- [Task] Output exactly the lines below, starting with the line that has "Negative Stroke Direction : fl_lib/Physical" and going on through the line that has "Orifice AR : fl_lib/Gas/Elements/Local", both included, and no other lines.

══ Source information ══

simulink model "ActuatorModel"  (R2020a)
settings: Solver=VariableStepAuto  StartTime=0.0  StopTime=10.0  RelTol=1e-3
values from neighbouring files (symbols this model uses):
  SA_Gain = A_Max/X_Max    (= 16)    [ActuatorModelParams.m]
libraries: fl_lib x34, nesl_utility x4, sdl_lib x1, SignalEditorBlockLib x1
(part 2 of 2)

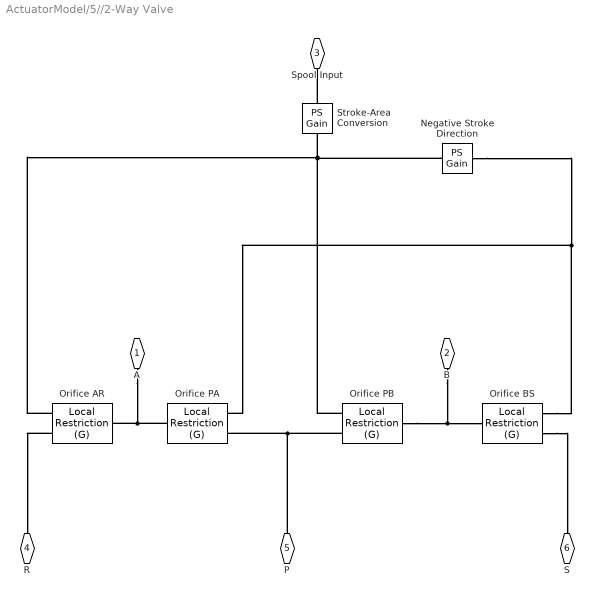
== system ActuatorModel/5//2-Way Valve ==
  Negative Stroke Direction : fl_lib/Physical Signals/Functions/PS Gain  gain=-1
  Orifice AR : fl_lib/Gas/Elements/Local Restriction (G)  restriction_type=foundation.enum.restriction_type.variable  restriction_area=1e-3 m^2  min_area=AR_MinArea in^2  max_area=AR_MaxArea mm^2  area=AR_OriArea in^2  Cd=AR_Cd  B_lam=0.999
      settings: SourceProductBaseCode=SS  InternalSimscapePortConfiguration="{\"Bottom\":[],\"Left\":[{\"id\":\"A\",\"label\":\"A\",\"type\":\"foundation.gas.gas\"},{\"id\":\"area_in\",\"label\":\"AR\",\"type\":\"input\"}],\"Right\":[{\"id\":\"B\",\"label\":\"B\",\"type\":\"foundation.gas.gas\"}],\"Top\":[]}"
  Orifice BS : fl_lib/Gas/Elements/Local Restriction (G)  restriction_type=foundation.enum.restriction_type.variable  restriction_area=1e-3 m^2  min_area=BS_MinArea in^2  max_area=BS_MaxArea mm^2  area=BS_OriArea in^2  Cd=BS_Cd  B_lam=0.999
      settings: SourceProductBaseCode=SS  InternalSimscapePortConfiguration="{\"Bottom\":[],\"Left\":[{\"id\":\"A\",\"label\":\"A\",\"type\":\"foundation.gas.gas\"},{\"id\":\"area_in\",\"label\":\"AR\",\"type\":\"input\"}],\"Right\":[{\"id\":\"B\",\"label\":\"B\",\"type\":\"foundation.gas.gas\"}],\"Top\":[]}"
  Orifice PA : fl_lib/Gas/Elements/Local Restriction (G)  restriction_type=foundation.enum.restriction_type.variable  restriction_area=1e-3 m^2  min_area=PA_MinArea in^2  max_area=PA_MaxArea mm^2  area=PA_OriArea in^2  Cd=PA_Cd  B_lam=0.999
      settings: SourceProductBaseCode=SS  InternalSimscapePortConfiguration="{\"Bottom\":[],\"Left\":[{\"id\":\"A\",\"label\":\"A\",\"type\":\"foundation.gas.gas\"},{\"id\":\"area_in\",\"label\":\"AR\",\"type\":\"input\"}],\"Right\":[{\"id\":\"B\",\"label\":\"B\",\"type\":\"foundation.gas.gas\"}],\"Top\":[]}"
  Orifice PB : fl_lib/Gas/Elements/Local Restriction (G)  restriction_type=foundation.enum.restriction_type.variable  restriction_area=1e-3 m^2  min_area=PB_MinArea in^2  max_area=PB_MaxArea mm^2  area=PB_OriArea in^2  Cd=PB_Cd  B_lam=0.999
      settings: SourceProductBaseCode=SS  InternalSimscapePortConfiguration="{\"Bottom\":[],\"Left\":[{\"id\":\"A\",\"label\":\"A\",\"type\":\"foundation.gas.gas\"},{\"id\":\"area_in\",\"label\":\"AR\",\"type\":\"input\"}],\"Right\":[{\"id\":\"B\",\"label\":\"B\",\"type\":\"foundation.gas.gas\"}],\"Top\":[]}"
  Stroke-Area Conversion : fl_lib/Physical Signals/Functions/PS Gain  gain=SA_Gain
  A : PMIOPort  Side=Left
  B : PMIOPort  Port=2  Side=Left
  Spool Input : PMIOPort  Port=3  Side=Left
  R : PMIOPort  Port=4  Side=Right
  P : PMIOPort  Port=5  Side=Right
  S : PMIOPort  Port=6  Side=Right
  connections:
  Orifice PA/RConn1 -- A/RConn1 -- Orifice AR/RConn1
  Negative Stroke Direction/RConn1 -- Orifice PA/LConn2 -- Orifice BS/LConn2
  Orifice BS/LConn1 -- S/RConn1
  Negative Stroke Direction/LConn1 -- Orifice PB/LConn2 -- Orifice AR/LConn2 -- Stroke-Area Conversion/RConn1
  Orifice PB/LConn1 -- Orifice PA/LConn1 -- P/RConn1
  Orifice PB/RConn1 -- B/RConn1 -- Orifice BS/RConn1
  Stroke-Area Conversion/LConn1 -- Spool Input/RConn1
  Orifice AR/LConn1 -- R/RConn1

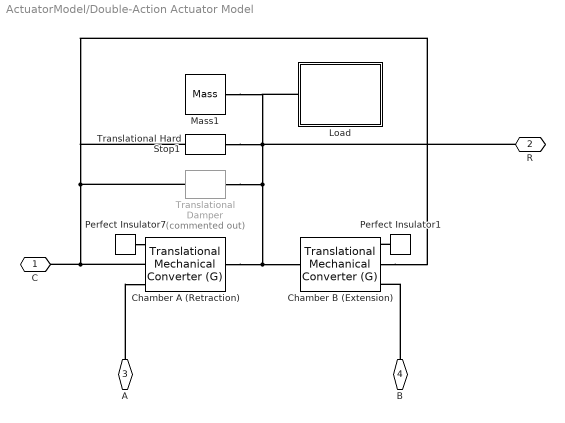
== system ActuatorModel/Double-Action Actuator Model ==
  Chamber A (Retraction) : fl_lib/Gas/Elements/Translational Mechanical Converter (G)  mech_orientation=simscape.enum.posneg.negative  interface_area=ChA_InterfaceArea in^2  length_init=ChA_InitialDisplacement in  dead_volume=ChA_DeadVol in^3  area_A=ChA_PortArea in^2  environment_spec=foundation.enum.pressure_spec.atmospheric  environment_pressure=0.101325 MPa  p_I_specify=off  p_I_priority=High  p_I=0.101325 MPa  p_I_nominal_specify=off  p_I_nominal_unit=MPa  p_I_nominal_value=1  T_I_specify=off  T_I_priority=High  T_I=293.15 K  T_I_nominal_specify=off  T_I_nominal_unit=K  T_I_nominal_value=1  rho_converter_specify=off  rho_converter_priority=None  rho_converter=1.2 kg/m^3  rho_converter_nominal_specify=off  rho_converter_nominal_unit=kg/m^3  rho_converter_nominal_value=1
      settings: SourceProductBaseCode=SS  InternalSimscapePortConfiguration="{\"Bottom\":[],\"Left\":[{\"id\":\"A\",\"label\":\"A\",\"type\":\"foundation.gas.gas\"},{\"id\":\"C\",\"label\":\"C\",\"type\":\"foundation.mechanical.translational.translational\"},{\"id\":\"H\",\"label\":\"H\",\"type\":\"foundation.thermal.thermal\"}],\"Right\":[{\"id\":\"R\",\"label\":\"R\",\"type\":\"foundation.mechanical.translational.translational\"}],\"Top\":[]}"
  Chamber B (Extension) : fl_lib/Gas/Elements/Translational Mechanical Converter (G)  mech_orientation=simscape.enum.posneg.positive  interface_area=ChB_InterfaceArea in^2  length_init=ChB_InitialDisplacement in  dead_volume=ChB_DeadVol in^3  area_A=ChB_PortArea m^2  environment_spec=foundation.enum.pressure_spec.atmospheric  environment_pressure=0.101325 MPa  p_I_specify=off  p_I_priority=High  p_I=0.101325 MPa  p_I_nominal_specify=off  p_I_nominal_unit=MPa  p_I_nominal_value=1  T_I_specify=off  T_I_priority=High  T_I=293.15 K  T_I_nominal_specify=off  T_I_nominal_unit=K  T_I_nominal_value=1  rho_converter_specify=off  rho_converter_priority=None  rho_converter=1.2 kg/m^3  rho_converter_nominal_specify=off  rho_converter_nominal_unit=kg/m^3  rho_converter_nominal_value=1
      settings: SourceProductBaseCode=SS  InternalSimscapePortConfiguration="{\"Bottom\":[],\"Left\":[{\"id\":\"A\",\"label\":\"A\",\"type\":\"foundation.gas.gas\"},{\"id\":\"C\",\"label\":\"C\",\"type\":\"foundation.mechanical.translational.translational\"},{\"id\":\"H\",\"label\":\"H\",\"type\":\"foundation.thermal.thermal\"}],\"Right\":[{\"id\":\"R\",\"label\":\"R\",\"type\":\"foundation.mechanical.translational.translational\"}],\"Top\":[]}"
  Load : Subsystem
  Mass1 : fl_lib/Mechanical/Translational Elements/Mass  mass=Actuator_RodMass kg  v_specify=off  v_priority=High  v=0 m/s  v_nominal_specify=off  v_nominal_unit=m/s  v_nominal_value=1  f_specify=off  f_priority=None  f=0 N  f_nominal_specify=off  f_nominal_unit=N  f_nominal_value=1
  Perfect Insulator1 : fl_lib/Thermal/Thermal Elements/Perfect Insulator  T_specify=off  T_priority=None  T=0 K  T_nominal_specify=off  T_nominal_unit=K  T_nominal_value=1
  Perfect Insulator7 : fl_lib/Thermal/Thermal Elements/Perfect Insulator  T_specify=off  T_priority=None  T=0 K  T_nominal_specify=off  T_nominal_unit=K  T_nominal_value=1
  Translational Damper : sdl_lib/Couplings & Drives/Springs & Dampers/Translational Damper  Commented=on  D=100 lbf/(in/s)  enable_faults=0  b_fault=1e6 N/(m/s)  temporal_fault=0  fault_time=5 s  shock_fault=0  acceleration_limit=100 m/s^2  shock_limit=1  report_fault=1
      settings: SourceProductBaseCode=LD
  Translational Hard Stop1 : fl_lib/Mechanical/Translational Elements/Translational Hard Stop  upper_bnd=Actuator_StopU in  lower_bnd=Actuator_StopL in  stiff_up=1e7 N/m  stiff_low=1e7 N/m  D_up=150000 N/(m/s)  D_low=150000 N/(m/s)  model=simscape.enum.hardstop.fulldamped  transition=0.1 mm  v_specify=off  v_priority=None  v=0 m/s  v_nominal_specify=off  v_nominal_unit=m/s  v_nominal_value=1  f_specify=off  f_priority=None  f=0 N  f_nominal_specify=off  f_nominal_unit=N  f_nominal_value=1  x_specify=off  x_priority=High  x=0 m  x_nominal_specify=off  x_nominal_unit=m  x_nominal_value=1
  C : PMIOPort  Side=Left
  R : PMIOPort  Port=2  Side=Right
  A : PMIOPort  Port=3  Side=Right
  B : PMIOPort  Port=4  Side=Right
  connections:
  Chamber A (Retraction)/RConn1 -- Translational Damper/LConn1 -- R/RConn1 -- Load/LConn1 -- Mass1/LConn1 -- Translational Hard Stop1/LConn1 -- Chamber B (Extension)/RConn1
  A/RConn1 -- Chamber A (Retraction)/LConn1
  Perfect Insulator7/LConn1 -- Chamber A (Retraction)/LConn3
  Chamber A (Retraction)/LConn2 -- C/RConn1 -- Translational Damper/RConn1 -- Translational Hard Stop1/RConn1 -- Chamber B (Extension)/LConn2
  Perfect Insulator1/LConn1 -- Chamber B (Extension)/LConn3
  B/RConn1 -- Chamber B (Extension)/LConn1

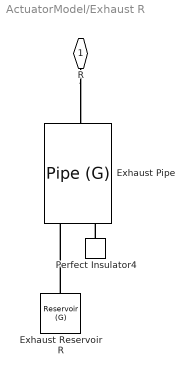
== system ActuatorModel/Exhaust R ==
  Exhaust Pipe : fl_lib/Gas/Elements/Pipe (G)  length=ExhPR_Length in  area=ExhPR_Area in^2  Dh=ExhPR_HDiam in  length_add=0.1 m  roughness=15e-6 m  Re_lam=2000  Re_tur=4000  shape_factor=64  Nu_lam=3.66  p_I_specify=off  p_I_priority=High  p_I=0.101325 MPa  p_I_nominal_specify=off  p_I_nominal_unit=MPa  p_I_nominal_value=1  T_I_specify=off  T_I_priority=High  T_I=293.15 K  T_I_nominal_specify=off  T_I_nominal_unit=K  T_I_nominal_value=1  rho_pipe_specify=off  rho_pipe_priority=None  rho_pipe=1.2 kg/m^3  rho_pipe_nominal_specify=off  rho_pipe_nominal_unit=kg/m^3  rho_pipe_nominal_value=1
      settings: SourceProductBaseCode=SS
  Exhaust Reservoir R : fl_lib/Gas/Elements/Reservoir (G)  pressure_spec=foundation.enum.pressure_spec.specified  reservoir_pressure=ExhRR_Pres atm  reservoir_temperature=ExhRR_Temp K  area_A=ExhRR_Area in^2
      settings: SourceProductBaseCode=SS
  Perfect Insulator4 : fl_lib/Thermal/Thermal Elements/Perfect Insulator  T_specify=off  T_priority=None  T=0 K  T_nominal_specify=off  T_nominal_unit=K  T_nominal_value=1
  R : PMIOPort  Side=Right
  connections:
  Perfect Insulator4/LConn1 -- Exhaust Pipe/LConn2
  R/RConn1 -- Exhaust Pipe/RConn1
  Exhaust Reservoir R/LConn1 -- Exhaust Pipe/LConn1

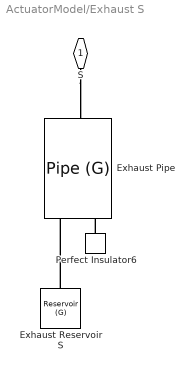
== system ActuatorModel/Exhaust S ==
  Exhaust Pipe : fl_lib/Gas/Elements/Pipe (G)  length=ExhPS_Length in  area=ExhPS_Area in^2  Dh=ExhPS_HDiam in  length_add=0.1 m  roughness=15e-6 m  Re_lam=2000  Re_tur=4000  shape_factor=64  Nu_lam=3.66  p_I_specify=off  p_I_priority=High  p_I=0.101325 MPa  p_I_nominal_specify=off  p_I_nominal_unit=MPa  p_I_nominal_value=1  T_I_specify=off  T_I_priority=High  T_I=293.15 K  T_I_nominal_specify=off  T_I_nominal_unit=K  T_I_nominal_value=1  rho_pipe_specify=off  rho_pipe_priority=None  rho_pipe=1.2 kg/m^3  rho_pipe_nominal_specify=off  rho_pipe_nominal_unit=kg/m^3  rho_pipe_nominal_value=1
      settings: SourceProductBaseCode=SS
  Exhaust Reservoir S : fl_lib/Gas/Elements/Reservoir (G)  pressure_spec=foundation.enum.pressure_spec.specified  reservoir_pressure=ExhRS_Pres atm  reservoir_temperature=ExhRS_Temp K  area_A=ExhRS_Area in^2
      settings: SourceProductBaseCode=SS
  Perfect Insulator6 : fl_lib/Thermal/Thermal Elements/Perfect Insulator  T_specify=off  T_priority=None  T=0 K  T_nominal_specify=off  T_nominal_unit=K  T_nominal_value=1
  S : PMIOPort  Side=Right
  connections:
  Perfect Insulator6/LConn1 -- Exhaust Pipe/LConn2
  S/RConn1 -- Exhaust Pipe/RConn1
  Exhaust Reservoir S/LConn1 -- Exhaust Pipe/LConn1

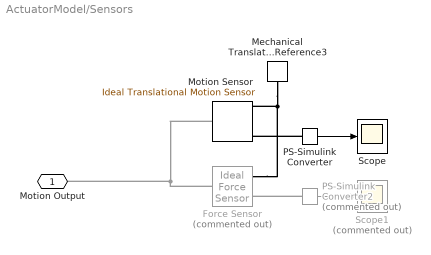
== system ActuatorModel/Sensors ==
  Force Sensor : fl_lib/Mechanical/Mechanical Sensors/Ideal Force Sensor  Commented=on
  Mechanical Translational Reference3 : fl_lib/Mechanical/Translational Elements/Mechanical Translational Reference
  Motion Sensor : fl_lib/Mechanical/Mechanical Sensors/Ideal Translational Motion Sensor  offset=0 in
  PS-Simulink Converter : nesl_utility/PS-Simulink Converter  PhysicalDomain=network_engine_domain  SubClassName=ps_output  LeftPortType=input  RightPortType=output  PseudoPeriodic=off  Frequencies=[]  Unit=in  AffineConversion=off
  PS-Simulink Converter2 : nesl_utility/PS-Simulink Converter  Commented=on  PhysicalDomain=network_engine_domain  SubClassName=ps_output  LeftPortType=input  RightPortType=output  PseudoPeriodic=off  Frequencies=[]  Unit=inherit  AffineConversion=off
  Scope : Scope
  Scope1 : Scope  Commented=on
  Motion Output : PMIOPort  Side=Left
  wires:
  PS-Simulink Converter2/1 -> Scope1/1
  PS-Simulink Converter/1 -> Scope/1
  connections:
  Force Sensor/LConn1 -- Motion Sensor/LConn1 -- Motion Output/RConn1
  PS-Simulink Converter/LConn1 -- Motion Sensor/RConn3
  Mechanical Translational Reference3/LConn1 -- Force Sensor/RConn1 -- Motion Sensor/RConn1
  PS-Simulink Converter2/LConn1 -- Force Sensor/RConn2

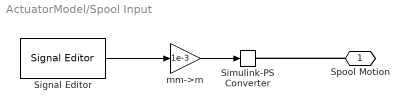
== system ActuatorModel/Spool Input ==
  Signal Editor : SignalEditorBlockLib/Signal Editor  FileName=2PulseScenario.mat  ActiveScenario=Scenario  ActiveSignal=Signal 1  IsBus=off  OutputBusObjectStr=Bus: BusObject  SampleTime=0  Interpolate=off  ZeroCross=off  OutputAfterFinalValue=Setting to zero  Unit=inherit  PreserveSignalName=on
  Simulink-PS Converter : nesl_utility/Simulink-PS Converter  PhysicalDomain=network_engine_domain  SubClassName=ps_input  LeftPortType=input  RightPortType=output  PseudoPeriodic=off  Frequencies=[]  NoiseDistribution=none  NoiseParameters=[]  Unit=1  AffineConversion=off  FilteringAndDerivatives=provide  SimscapeFilterOrder=1  InputFilterTimeConstant=0.001  UdotUserProvided=0
  mm->m : Gain  Gain=1e-3
  Spool Motion : PMIOPort  Side=Right
  wires:
  mm->m/1 -> Simulink-PS Converter/1
  Signal Editor/1 -> mm->m/1
  connections:
  Spool Motion/RConn1 -- Simulink-PS Converter/RConn1

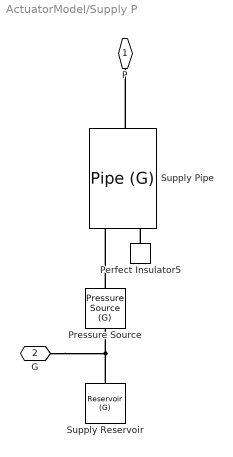
== system ActuatorModel/Supply P ==
  Perfect Insulator5 : fl_lib/Thermal/Thermal Elements/Perfect Insulator  T_specify=off  T_priority=None  T=0 K  T_nominal_specify=off  T_nominal_unit=K  T_nominal_value=1
  Pressure Source : fl_lib/Gas/Sources/Pressure Source (G)  power_spec=foundation.enum.power_spec.isentropic  pressure_differential=SupPS_Diff psi  area_A=SupPS_AreaA in^2  area_B=SupPS_AreaB in^2
      settings: SourceProductBaseCode=SS  InternalSimscapePortConfiguration="{\"Bottom\":[],\"Left\":[{\"id\":\"A\",\"label\":\"A\",\"type\":\"foundation.gas.gas\"}],\"Right\":[{\"id\":\"B\",\"label\":\"B\",\"type\":\"foundation.gas.gas\"}],\"Top\":[]}"
  Supply Pipe : fl_lib/Gas/Elements/Pipe (G)  length=SupPP_Length in  area=SupPP_Area in^2  Dh=SupPP_HDiam in  length_add=0.1 m  roughness=15e-6 m  Re_lam=2000  Re_tur=4000  shape_factor=64  Nu_lam=3.66  p_I_specify=off  p_I_priority=High  p_I=0.101325 MPa  p_I_nominal_specify=off  p_I_nominal_unit=MPa  p_I_nominal_value=1  T_I_specify=off  T_I_priority=High  T_I=293.15 K  T_I_nominal_specify=off  T_I_nominal_unit=K  T_I_nominal_value=1  rho_pipe_specify=off  rho_pipe_priority=None  rho_pipe=1.2 kg/m^3  rho_pipe_nominal_specify=off  rho_pipe_nominal_unit=kg/m^3  rho_pipe_nominal_value=1
      settings: SourceProductBaseCode=SS
  Supply Reservoir : fl_lib/Gas/Elements/Reservoir (G)  pressure_spec=foundation.enum.pressure_spec.specified  reservoir_pressure=SupRP_Pres atm  reservoir_temperature=SupRP_Temp K  area_A=SupRP_Area in^2
      settings: SourceProductBaseCode=SS
  P : PMIOPort  Side=Right
  G : PMIOPort  Port=2  Side=Left
  connections:
  Pressure Source/RConn1 -- Supply Pipe/LConn1
  Supply Reservoir/LConn1 -- G/RConn1 -- Pressure Source/LConn1
  Perfect Insulator5/LConn1 -- Supply Pipe/LConn2
  Supply Pipe/RConn1 -- P/RConn1

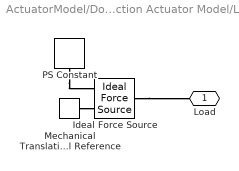
== system ActuatorModel/Double-Action Actuator Model/Load ==
  Ideal Force Source : fl_lib/Mechanical/Mechanical Sources/Ideal Force Source
  Mechanical Translational Reference : fl_lib/Mechanical/Translational Elements/Mechanical Translational Reference
  PS Constant : fl_lib/Physical Signals/Sources/PS Constant  constant=Const_Load lbf
  Load : PMIOPort  Side=Left
  connections:
  PS Constant/RConn1 -- Ideal Force Source/RConn1
  Mechanical Translational Reference/LConn1 -- Ideal Force Source/RConn2
  Ideal Force Source/LConn1 -- Load/RConn1

═══

- [Response]
  Negative Stroke Direction : fl_lib/Physical Signals/Functions/PS Gain  gain=-1
  Orifice AR : fl_lib/Gas/Elements/Local Restriction (G)  restriction_type=foundation.enum.restriction_type.variable  restriction_area=1e-3 m^2  min_area=AR_MinArea in^2  max_area=AR_MaxArea mm^2  area=AR_OriArea in^2  Cd=AR_Cd  B_lam=0.999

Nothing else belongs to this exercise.